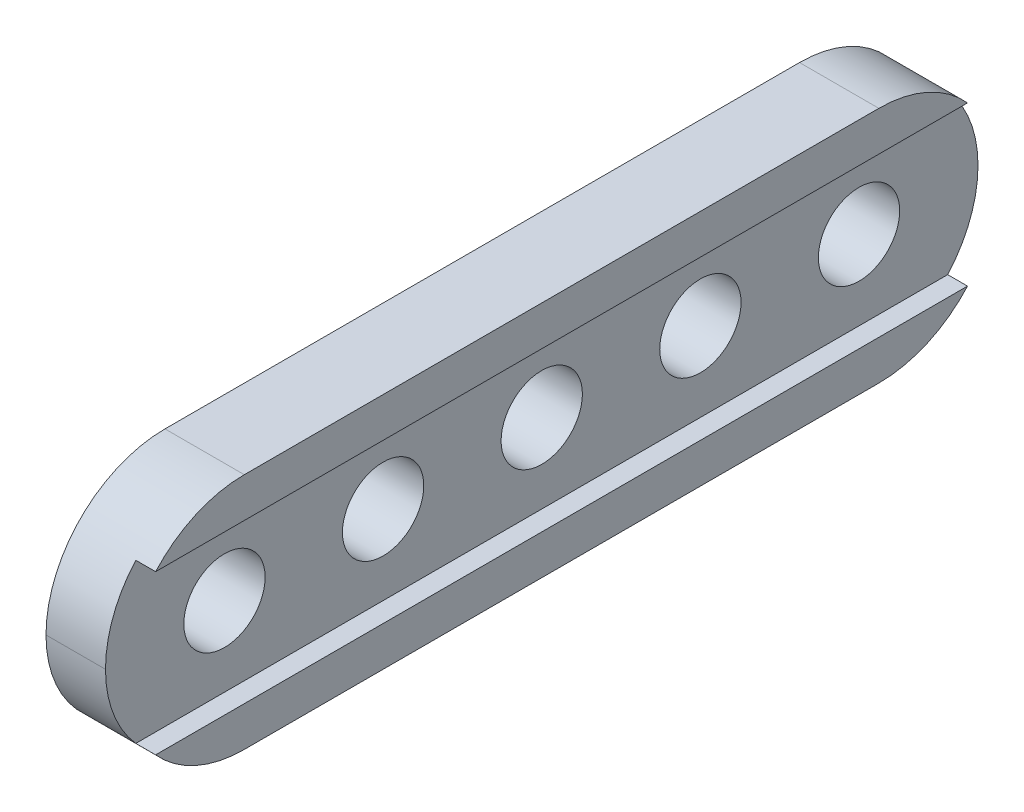
SolidWorks part; units mm, degrees
ref_plane "Front Plane" through (0, 0, 0) normal (0, 0, 1) x (1, 0, 0)
ref_plane "Top Plane" through (0, 0, 0) normal (0, 1, 0) x (1, 0, 0)
ref_plane "Right Plane" through (0, 0, 0) normal (1, 0, 0) x (0, 0, -1)
sketch "Sketch1" plane through (0, 0, 0) normal (0, 0, 1) x (1, 0, 0)
  line L0 (3, 6) -> (0, 6) construction
  line L1 (0, 0) -> (4, 0)
  line L2 (0, 0) -> (0, 12)
  line L3 (0, 12) -> (4, 12)
  line L4 (4, 0) -> (4, 2)
  line L5 (4, 10) -> (3, 10)
  line L7 (4, 2) -> (3, 2)
  line L8 (3, 10) -> (3, 2)
  line L9 (4, 10) -> (4, 12)
  dimension "D1" = 4
  dimension "D2" = 12
  dimension "D3" = 8
  dimension "D4" = 1
extrude "Boss-Extrude1" add sketch "Sketch1" against normal blind 44
ref_plane "Plane1" through (0, 0, -22) normal (0, 0, 1) x (1, 0, 0)
fillet "Fillet1" radius 6 4 edges at (2, 12, 0) (2, 0, 0) (2, 0, -44) (2, 12, -44)
sketch "Sketch2" plane through (0, 0, 0) normal (-1, 0, 0) x (0, 0, 1)
  circle A0 centre (-38, 6) radius 2.05
  dimension "D1" = 4.1
extrude "Cut-Extrude1" cut sketch "Sketch2" against normal through all
pattern_linear "LPattern1" count 3 spacing 8 along (0, 0, 1) of "Cut-Extrude1"
mirror "Mirror1" about plane through (0, 0, -22) normal (0, 0, 1) of "LPattern1", "Cut-Extrude1"

Aim of the exercise:
Without including any image, reproduce the full listing above as written.

Solution to the problem:
SolidWorks part; units mm, degrees
ref_plane "Front Plane" through (0, 0, 0) normal (0, 0, 1) x (1, 0, 0)
ref_plane "Top Plane" through (0, 0, 0) normal (0, 1, 0) x (1, 0, 0)
ref_plane "Right Plane" through (0, 0, 0) normal (1, 0, 0) x (0, 0, -1)
sketch "Sketch1" plane through (0, 0, 0) normal (0, 0, 1) x (1, 0, 0)
  line L0 (3, 6) -> (0, 6) construction
  line L1 (0, 0) -> (4, 0)
  line L2 (0, 0) -> (0, 12)
  line L3 (0, 12) -> (4, 12)
  line L4 (4, 0) -> (4, 2)
  line L5 (4, 10) -> (3, 10)
  line L7 (4, 2) -> (3, 2)
  line L8 (3, 10) -> (3, 2)
  line L9 (4, 10) -> (4, 12)
  dimension "D1" = 4
  dimension "D2" = 12
  dimension "D3" = 8
  dimension "D4" = 1
extrude "Boss-Extrude1" add sketch "Sketch1" against normal blind 44
ref_plane "Plane1" through (0, 0, -22) normal (0, 0, 1) x (1, 0, 0)
fillet "Fillet1" radius 6 4 edges at (2, 12, 0) (2, 0, 0) (2, 0, -44) (2, 12, -44)
sketch "Sketch2" plane through (0, 0, 0) normal (-1, 0, 0) x (0, 0, 1)
  circle A0 centre (-38, 6) radius 2.05
  dimension "D1" = 4.1
extrude "Cut-Extrude1" cut sketch "Sketch2" against normal through all
pattern_linear "LPattern1" count 3 spacing 8 along (0, 0, 1) of "Cut-Extrude1"
mirror "Mirror1" about plane through (0, 0, -22) normal (0, 0, 1) of "LPattern1", "Cut-Extrude1"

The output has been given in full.